Taking the line with "#97=CARTESIAN_POINT('',(-21.59,0.,0.873125));" as the first and the line with "#123=AXIS2_PLACEMENT_3D('',#120,#121,#122);" as the last, set down exactly every line in that range from the entries below, and no more.
Start of The data
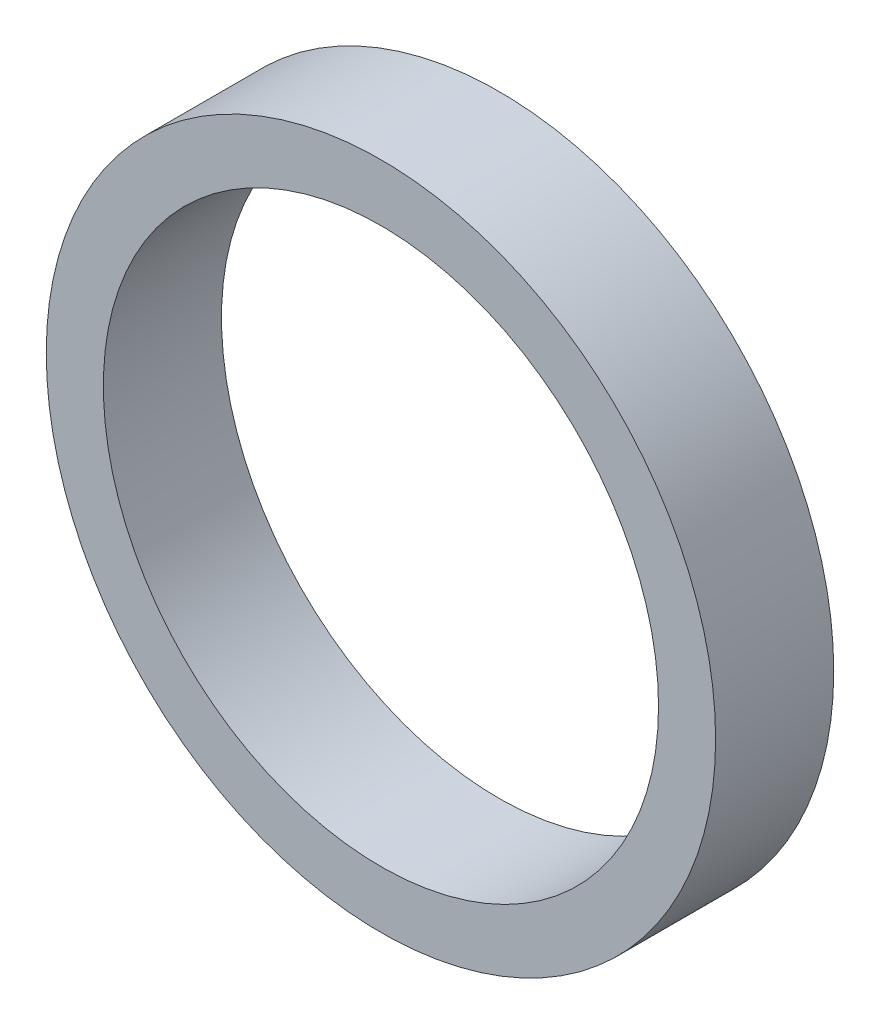
ISO-10303-21;
HEADER;
FILE_DESCRIPTION(('STEP AP214'),'2;1');
FILE_NAME('part.step','',(''),(''),'','','');
FILE_SCHEMA(('AUTOMOTIVE_DESIGN { 1 0 10303 214 1 1 1 1 }'));
ENDSEC;
DATA;
#1=APPLICATION_CONTEXT('core data for automotive mechanical design processes');
#2=APPLICATION_PROTOCOL_DEFINITION('international standard','automotive_design',2000,#1);
#3=PRODUCT_CONTEXT('',#1,'mechanical');
#4=PRODUCT('Part','Part','',(#3));
#5=PRODUCT_RELATED_PRODUCT_CATEGORY('part','',(#4));
#6=PRODUCT_DEFINITION_FORMATION('','',#4);
#7=PRODUCT_DEFINITION_CONTEXT('part definition',#1,'design');
#8=PRODUCT_DEFINITION('design','',#6,#7);
#9=PRODUCT_DEFINITION_SHAPE('','',#8);
#10=(LENGTH_UNIT() NAMED_UNIT(*) SI_UNIT(.MILLI.,.METRE.));
#11=(NAMED_UNIT(*) PLANE_ANGLE_UNIT() SI_UNIT($,.RADIAN.));
#12=(NAMED_UNIT(*) SI_UNIT($,.STERADIAN.) SOLID_ANGLE_UNIT());
#13=UNCERTAINTY_MEASURE_WITH_UNIT(LENGTH_MEASURE(1.E-05),#10,'distance_accuracy_value','');
#14=(GEOMETRIC_REPRESENTATION_CONTEXT(3) GLOBAL_UNCERTAINTY_ASSIGNED_CONTEXT((#13)) GLOBAL_UNIT_ASSIGNED_CONTEXT((#10,
#11,#12)) REPRESENTATION_CONTEXT('',''));
#15=CARTESIAN_POINT('',(0.,0.,0.));
#16=DIRECTION('',(0.,0.,1.));
#17=DIRECTION('',(1.,0.,0.));
#18=AXIS2_PLACEMENT_3D('',#15,#16,#17);
#19=CARTESIAN_POINT('',(0.,0.,7.62));
#20=DIRECTION('',(0.,0.,-1.));
#21=DIRECTION('',(-1.,0.,0.));
#22=AXIS2_PLACEMENT_3D('',#19,#20,#21);
#23=CYLINDRICAL_SURFACE('',#22,21.59);
#24=CARTESIAN_POINT('',(0.,0.,7.62));
#25=DIRECTION('',(0.,0.,1.));
#26=DIRECTION('',(1.,0.,0.));
#27=AXIS2_PLACEMENT_3D('',#24,#25,#26);
#28=CIRCLE('',#27,21.59);
#29=CARTESIAN_POINT('',(-21.59,0.,7.62));
#30=VERTEX_POINT('',#29);
#31=EDGE_CURVE('E10',#30,#30,#28,.T.);
#32=CARTESIAN_POINT('',(0.,0.,0.));
#33=DIRECTION('',(0.,0.,1.));
#34=DIRECTION('',(1.,0.,0.));
#35=AXIS2_PLACEMENT_3D('',#32,#33,#34);
#36=CIRCLE('',#35,21.59);
#37=CARTESIAN_POINT('',(-21.59,0.,0.));
#38=VERTEX_POINT('',#37);
#39=EDGE_CURVE('E42',#38,#38,#36,.T.);
#40=CARTESIAN_POINT('',(-21.59,0.,7.62));
#41=CARTESIAN_POINT('',(-21.59,0.,7.540625));
#42=CARTESIAN_POINT('',(-21.59,0.,7.46125));
#43=CARTESIAN_POINT('',(-21.59,0.,7.3025));
#44=CARTESIAN_POINT('',(-21.59,0.,7.223125));
#45=CARTESIAN_POINT('',(-21.59,0.,7.064375));
#46=CARTESIAN_POINT('',(-21.59,0.,6.985));
#47=CARTESIAN_POINT('',(-21.59,0.,6.82625));
#48=CARTESIAN_POINT('',(-21.59,0.,6.746875));
#49=CARTESIAN_POINT('',(-21.59,0.,6.588125));
#50=CARTESIAN_POINT('',(-21.59,0.,6.50875));
#51=CARTESIAN_POINT('',(-21.59,0.,6.35));
#52=CARTESIAN_POINT('',(-21.59,0.,6.270625));
#53=CARTESIAN_POINT('',(-21.59,0.,6.111875));
#54=CARTESIAN_POINT('',(-21.59,0.,6.0325));
#55=CARTESIAN_POINT('',(-21.59,0.,5.87375));
#56=CARTESIAN_POINT('',(-21.59,0.,5.794375));
#57=CARTESIAN_POINT('',(-21.59,0.,5.635625));
#58=CARTESIAN_POINT('',(-21.59,0.,5.55625));
#59=CARTESIAN_POINT('',(-21.59,0.,5.3975));
#60=CARTESIAN_POINT('',(-21.59,0.,5.318125));
#61=CARTESIAN_POINT('',(-21.59,0.,5.159375));
#62=CARTESIAN_POINT('',(-21.59,0.,5.08));
#63=CARTESIAN_POINT('',(-21.59,0.,4.92125));
#64=CARTESIAN_POINT('',(-21.59,0.,4.841875));
#65=CARTESIAN_POINT('',(-21.59,0.,4.683125));
#66=CARTESIAN_POINT('',(-21.59,0.,4.60375));
#67=CARTESIAN_POINT('',(-21.59,0.,4.445));
#68=CARTESIAN_POINT('',(-21.59,0.,4.365625));
#69=CARTESIAN_POINT('',(-21.59,0.,4.206875));
#70=CARTESIAN_POINT('',(-21.59,0.,4.1275));
#71=CARTESIAN_POINT('',(-21.59,0.,3.96875));
#72=CARTESIAN_POINT('',(-21.59,0.,3.889375));
#73=CARTESIAN_POINT('',(-21.59,0.,3.730625));
#74=CARTESIAN_POINT('',(-21.59,0.,3.65125));
#75=CARTESIAN_POINT('',(-21.59,0.,3.4925));
#76=CARTESIAN_POINT('',(-21.59,0.,3.413125));
#77=CARTESIAN_POINT('',(-21.59,0.,3.254375));
#78=CARTESIAN_POINT('',(-21.59,0.,3.175));
#79=CARTESIAN_POINT('',(-21.59,0.,3.01625));
#80=CARTESIAN_POINT('',(-21.59,0.,2.936875));
#81=CARTESIAN_POINT('',(-21.59,0.,2.778125));
#82=CARTESIAN_POINT('',(-21.59,0.,2.69875));
#83=CARTESIAN_POINT('',(-21.59,0.,2.54));
#84=CARTESIAN_POINT('',(-21.59,0.,2.460625));
#85=CARTESIAN_POINT('',(-21.59,0.,2.301875));
#86=CARTESIAN_POINT('',(-21.59,0.,2.2225));
#87=CARTESIAN_POINT('',(-21.59,0.,2.06375));
#88=CARTESIAN_POINT('',(-21.59,0.,1.984375));
#89=CARTESIAN_POINT('',(-21.59,0.,1.825625));
#90=CARTESIAN_POINT('',(-21.59,0.,1.74625));
#91=CARTESIAN_POINT('',(-21.59,0.,1.5875));
#92=CARTESIAN_POINT('',(-21.59,0.,1.508125));
#93=CARTESIAN_POINT('',(-21.59,0.,1.349375));
#94=CARTESIAN_POINT('',(-21.59,0.,1.27));
#95=CARTESIAN_POINT('',(-21.59,0.,1.11125));
#96=CARTESIAN_POINT('',(-21.59,0.,1.031875));
#97=CARTESIAN_POINT('',(-21.59,0.,0.873125));
#98=CARTESIAN_POINT('',(-21.59,0.,0.79375));
#99=CARTESIAN_POINT('',(-21.59,0.,0.635));
#100=CARTESIAN_POINT('',(-21.59,0.,0.555625));
#101=CARTESIAN_POINT('',(-21.59,0.,0.396875));
#102=CARTESIAN_POINT('',(-21.59,0.,0.3175));
#103=CARTESIAN_POINT('',(-21.59,0.,0.15875));
#104=CARTESIAN_POINT('',(-21.59,0.,0.0793749999999999));
#105=CARTESIAN_POINT('',(-21.59,0.,0.));
#106=B_SPLINE_CURVE_WITH_KNOTS('',3,(#40,#41,#42,#43,#44,#45,#46,#47,#48,#49,#50,#51,#52,#53,
#54,#55,#56,#57,#58,#59,#60,#61,#62,#63,#64,#65,#66,#67,#68,#69,#70,#71,#72,#73,#74,#75,#76,#77,
#78,#79,#80,#81,#82,#83,#84,#85,#86,#87,#88,#89,#90,#91,#92,#93,#94,#95,#96,#97,#98,#99,#100,
#101,#102,#103,#104,#105),.UNSPECIFIED.,.F.,.F.,(4,2,2,2,2,2,2,2,2,2,2,2,2,2,2,2,2,2,2,2,2,2,2,
2,2,2,2,2,2,2,2,2,4),(0.,0.238125,0.476249999999999,0.714375,0.952499999999999,1.190625,1.42875,
1.666875,1.905,2.143125,2.38125,2.619375,2.8575,3.095625,3.33375,3.571875,3.81,4.048125,4.28625,
4.524375,4.7625,5.000625,5.23875,5.476875,5.715,5.953125,6.19125,6.429375,6.6675,6.905625,
7.14375,7.381875,7.62),.UNSPECIFIED.);
#107=EDGE_CURVE('BSEAM39',#30,#38,#106,.T.);
#108=ORIENTED_EDGE('',*,*,#31,.F.);
#109=ORIENTED_EDGE('',*,*,#39,.T.);
#110=ORIENTED_EDGE('',*,*,#107,.T.);
#111=ORIENTED_EDGE('',*,*,#107,.F.);
#112=EDGE_LOOP('',(#108,#110,#109,#111));
#113=FACE_BOUND('',#112,.T.);
#114=ADVANCED_FACE('F39',(#113),#23,.T.);
#115=CARTESIAN_POINT('',(0.,0.,7.62));
#116=DIRECTION('',(0.,0.,1.));
#117=DIRECTION('',(1.,0.,0.));
#118=AXIS2_PLACEMENT_3D('',#115,#116,#117);
#119=PLANE('',#118);
#120=CARTESIAN_POINT('',(0.,0.,7.62));
#121=DIRECTION('',(0.,0.,1.));
#122=DIRECTION('',(1.,0.,0.));
#123=AXIS2_PLACEMENT_3D('',#120,#121,#122);
#124=CIRCLE('',#123,17.907);
#125=CARTESIAN_POINT('',(17.907,0.,7.62));
#126=VERTEX_POINT('',#125);
#127=EDGE_CURVE('E53',#126,#126,#124,.T.);
#128=ORIENTED_EDGE('',*,*,#127,.F.);
#129=EDGE_LOOP('',(#128));
#130=FACE_BOUND('',#129,.T.);
#131=ORIENTED_EDGE('',*,*,#31,.T.);
#132=EDGE_LOOP('',(#131));
#133=FACE_BOUND('',#132,.T.);
#134=ADVANCED_FACE('F70',(#130,#133),#119,.T.);
#135=CARTESIAN_POINT('',(0.,0.,0.));
#136=DIRECTION('',(0.,0.,1.));
#137=DIRECTION('',(1.,0.,0.));
#138=AXIS2_PLACEMENT_3D('',#135,#136,#137);
#139=PLANE('',#138);
#140=CARTESIAN_POINT('',(0.,0.,0.));
#141=DIRECTION('',(0.,0.,1.));
#142=DIRECTION('',(1.,0.,0.));
#143=AXIS2_PLACEMENT_3D('',#140,#141,#142);
#144=CIRCLE('',#143,17.907);
#145=CARTESIAN_POINT('',(17.907,0.,0.));
#146=VERTEX_POINT('',#145);
#147=EDGE_CURVE('E51',#146,#146,#144,.T.);
#148=ORIENTED_EDGE('',*,*,#147,.T.);
#149=EDGE_LOOP('',(#148));
#150=FACE_BOUND('',#149,.T.);
#151=ORIENTED_EDGE('',*,*,#39,.F.);
#152=EDGE_LOOP('',(#151));
#153=FACE_BOUND('',#152,.T.);
#154=ADVANCED_FACE('F61',(#150,#153),#139,.F.);
#155=CARTESIAN_POINT('',(0.,0.,0.));
#156=DIRECTION('',(0.,0.,1.));
#157=DIRECTION('',(1.,0.,0.));
#158=AXIS2_PLACEMENT_3D('',#155,#156,#157);
#159=CYLINDRICAL_SURFACE('',#158,17.907);
#160=CARTESIAN_POINT('',(17.907,0.,0.));
#161=CARTESIAN_POINT('',(17.907,0.,0.0793749999999998));
#162=CARTESIAN_POINT('',(17.907,0.,0.15875));
#163=CARTESIAN_POINT('',(17.907,0.,0.3175));
#164=CARTESIAN_POINT('',(17.907,0.,0.396875));
#165=CARTESIAN_POINT('',(17.907,0.,0.555625));
#166=CARTESIAN_POINT('',(17.907,0.,0.635));
#167=CARTESIAN_POINT('',(17.907,0.,0.79375));
#168=CARTESIAN_POINT('',(17.907,0.,0.873125));
#169=CARTESIAN_POINT('',(17.907,0.,1.031875));
#170=CARTESIAN_POINT('',(17.907,0.,1.11125));
#171=CARTESIAN_POINT('',(17.907,0.,1.27));
#172=CARTESIAN_POINT('',(17.907,0.,1.349375));
#173=CARTESIAN_POINT('',(17.907,0.,1.508125));
#174=CARTESIAN_POINT('',(17.907,0.,1.5875));
#175=CARTESIAN_POINT('',(17.907,0.,1.74625));
#176=CARTESIAN_POINT('',(17.907,0.,1.825625));
#177=CARTESIAN_POINT('',(17.907,0.,1.984375));
#178=CARTESIAN_POINT('',(17.907,0.,2.06375));
#179=CARTESIAN_POINT('',(17.907,0.,2.2225));
#180=CARTESIAN_POINT('',(17.907,0.,2.301875));
#181=CARTESIAN_POINT('',(17.907,0.,2.460625));
#182=CARTESIAN_POINT('',(17.907,0.,2.54));
#183=CARTESIAN_POINT('',(17.907,0.,2.69875));
#184=CARTESIAN_POINT('',(17.907,0.,2.778125));
#185=CARTESIAN_POINT('',(17.907,0.,2.936875));
#186=CARTESIAN_POINT('',(17.907,0.,3.01625));
#187=CARTESIAN_POINT('',(17.907,0.,3.175));
#188=CARTESIAN_POINT('',(17.907,0.,3.254375));
#189=CARTESIAN_POINT('',(17.907,0.,3.413125));
#190=CARTESIAN_POINT('',(17.907,0.,3.4925));
#191=CARTESIAN_POINT('',(17.907,0.,3.65125));
#192=CARTESIAN_POINT('',(17.907,0.,3.730625));
#193=CARTESIAN_POINT('',(17.907,0.,3.889375));
#194=CARTESIAN_POINT('',(17.907,0.,3.96875));
#195=CARTESIAN_POINT('',(17.907,0.,4.1275));
#196=CARTESIAN_POINT('',(17.907,0.,4.206875));
#197=CARTESIAN_POINT('',(17.907,0.,4.365625));
#198=CARTESIAN_POINT('',(17.907,0.,4.445));
#199=CARTESIAN_POINT('',(17.907,0.,4.60375));
#200=CARTESIAN_POINT('',(17.907,0.,4.683125));
#201=CARTESIAN_POINT('',(17.907,0.,4.841875));
#202=CARTESIAN_POINT('',(17.907,0.,4.92125));
#203=CARTESIAN_POINT('',(17.907,0.,5.08));
#204=CARTESIAN_POINT('',(17.907,0.,5.159375));
#205=CARTESIAN_POINT('',(17.907,0.,5.318125));
#206=CARTESIAN_POINT('',(17.907,0.,5.3975));
#207=CARTESIAN_POINT('',(17.907,0.,5.55625));
#208=CARTESIAN_POINT('',(17.907,0.,5.635625));
#209=CARTESIAN_POINT('',(17.907,0.,5.794375));
#210=CARTESIAN_POINT('',(17.907,0.,5.87375));
#211=CARTESIAN_POINT('',(17.907,0.,6.0325));
#212=CARTESIAN_POINT('',(17.907,0.,6.111875));
#213=CARTESIAN_POINT('',(17.907,0.,6.270625));
#214=CARTESIAN_POINT('',(17.907,0.,6.35));
#215=CARTESIAN_POINT('',(17.907,0.,6.50875));
#216=CARTESIAN_POINT('',(17.907,0.,6.588125));
#217=CARTESIAN_POINT('',(17.907,0.,6.746875));
#218=CARTESIAN_POINT('',(17.907,0.,6.82625));
#219=CARTESIAN_POINT('',(17.907,0.,6.985));
#220=CARTESIAN_POINT('',(17.907,0.,7.064375));
#221=CARTESIAN_POINT('',(17.907,0.,7.223125));
#222=CARTESIAN_POINT('',(17.907,0.,7.3025));
#223=CARTESIAN_POINT('',(17.907,0.,7.46125));
#224=CARTESIAN_POINT('',(17.907,0.,7.540625));
#225=CARTESIAN_POINT('',(17.907,0.,7.62));
#226=B_SPLINE_CURVE_WITH_KNOTS('',3,(#160,#161,#162,#163,#164,#165,#166,#167,#168,#169,#170,
#171,#172,#173,#174,#175,#176,#177,#178,#179,#180,#181,#182,#183,#184,#185,#186,#187,#188,#189,
#190,#191,#192,#193,#194,#195,#196,#197,#198,#199,#200,#201,#202,#203,#204,#205,#206,#207,#208,
#209,#210,#211,#212,#213,#214,#215,#216,#217,#218,#219,#220,#221,#222,#223,#224,#225),
.UNSPECIFIED.,.F.,.F.,(4,2,2,2,2,2,2,2,2,2,2,2,2,2,2,2,2,2,2,2,2,2,2,2,2,2,2,2,2,2,2,2,4),(0.,
0.238125,0.47625,0.714375,0.9525,1.190625,1.42875,1.666875,1.905,2.143125,2.38125,2.619375,
2.8575,3.095625,3.33375,3.571875,3.81,4.048125,4.28625,4.524375,4.7625,5.000625,5.23875,
5.476875,5.715,5.953125,6.19125,6.429375,6.6675,6.905625,7.14375,7.381875,7.62),.UNSPECIFIED.);
#227=EDGE_CURVE('BSEAM64',#146,#126,#226,.T.);
#228=ORIENTED_EDGE('',*,*,#147,.F.);
#229=ORIENTED_EDGE('',*,*,#127,.T.);
#230=ORIENTED_EDGE('',*,*,#227,.T.);
#231=ORIENTED_EDGE('',*,*,#227,.F.);
#232=EDGE_LOOP('',(#228,#230,#229,#231));
#233=FACE_BOUND('',#232,.T.);
#234=ADVANCED_FACE('F64',(#233),#159,.F.);
#235=CLOSED_SHELL('',(#114,#134,#154,#234));
#236=MANIFOLD_SOLID_BREP('B2',#235);
#237=ADVANCED_BREP_SHAPE_REPRESENTATION('',(#18,#236),#14);
#238=SHAPE_DEFINITION_REPRESENTATION(#9,#237);
ENDSEC;
END-ISO-10303-21;
End of The data
• Solution:
#97=CARTESIAN_POINT('',(-21.59,0.,0.873125));
#98=CARTESIAN_POINT('',(-21.59,0.,0.79375));
#99=CARTESIAN_POINT('',(-21.59,0.,0.635));
#100=CARTESIAN_POINT('',(-21.59,0.,0.555625));
#101=CARTESIAN_POINT('',(-21.59,0.,0.396875));
#102=CARTESIAN_POINT('',(-21.59,0.,0.3175));
#103=CARTESIAN_POINT('',(-21.59,0.,0.15875));
#104=CARTESIAN_POINT('',(-21.59,0.,0.0793749999999999));
#105=CARTESIAN_POINT('',(-21.59,0.,0.));
#106=B_SPLINE_CURVE_WITH_KNOTS('',3,(#40,#41,#42,#43,#44,#45,#46,#47,#48,#49,#50,#51,#52,#53,
#54,#55,#56,#57,#58,#59,#60,#61,#62,#63,#64,#65,#66,#67,#68,#69,#70,#71,#72,#73,#74,#75,#76,#77,
#78,#79,#80,#81,#82,#83,#84,#85,#86,#87,#88,#89,#90,#91,#92,#93,#94,#95,#96,#97,#98,#99,#100,
#101,#102,#103,#104,#105),.UNSPECIFIED.,.F.,.F.,(4,2,2,2,2,2,2,2,2,2,2,2,2,2,2,2,2,2,2,2,2,2,2,
2,2,2,2,2,2,2,2,2,4),(0.,0.238125,0.476249999999999,0.714375,0.952499999999999,1.190625,1.42875,
1.666875,1.905,2.143125,2.38125,2.619375,2.8575,3.095625,3.33375,3.571875,3.81,4.048125,4.28625,
4.524375,4.7625,5.000625,5.23875,5.476875,5.715,5.953125,6.19125,6.429375,6.6675,6.905625,
7.14375,7.381875,7.62),.UNSPECIFIED.);
#107=EDGE_CURVE('BSEAM39',#30,#38,#106,.T.);
#108=ORIENTED_EDGE('',*,*,#31,.F.);
#109=ORIENTED_EDGE('',*,*,#39,.T.);
#110=ORIENTED_EDGE('',*,*,#107,.T.);
#111=ORIENTED_EDGE('',*,*,#107,.F.);
#112=EDGE_LOOP('',(#108,#110,#109,#111));
#113=FACE_BOUND('',#112,.T.);
#114=ADVANCED_FACE('F39',(#113),#23,.T.);
#115=CARTESIAN_POINT('',(0.,0.,7.62));
#116=DIRECTION('',(0.,0.,1.));
#117=DIRECTION('',(1.,0.,0.));
#118=AXIS2_PLACEMENT_3D('',#115,#116,#117);
#119=PLANE('',#118);
#120=CARTESIAN_POINT('',(0.,0.,7.62));
#121=DIRECTION('',(0.,0.,1.));
#122=DIRECTION('',(1.,0.,0.));
#123=AXIS2_PLACEMENT_3D('',#120,#121,#122);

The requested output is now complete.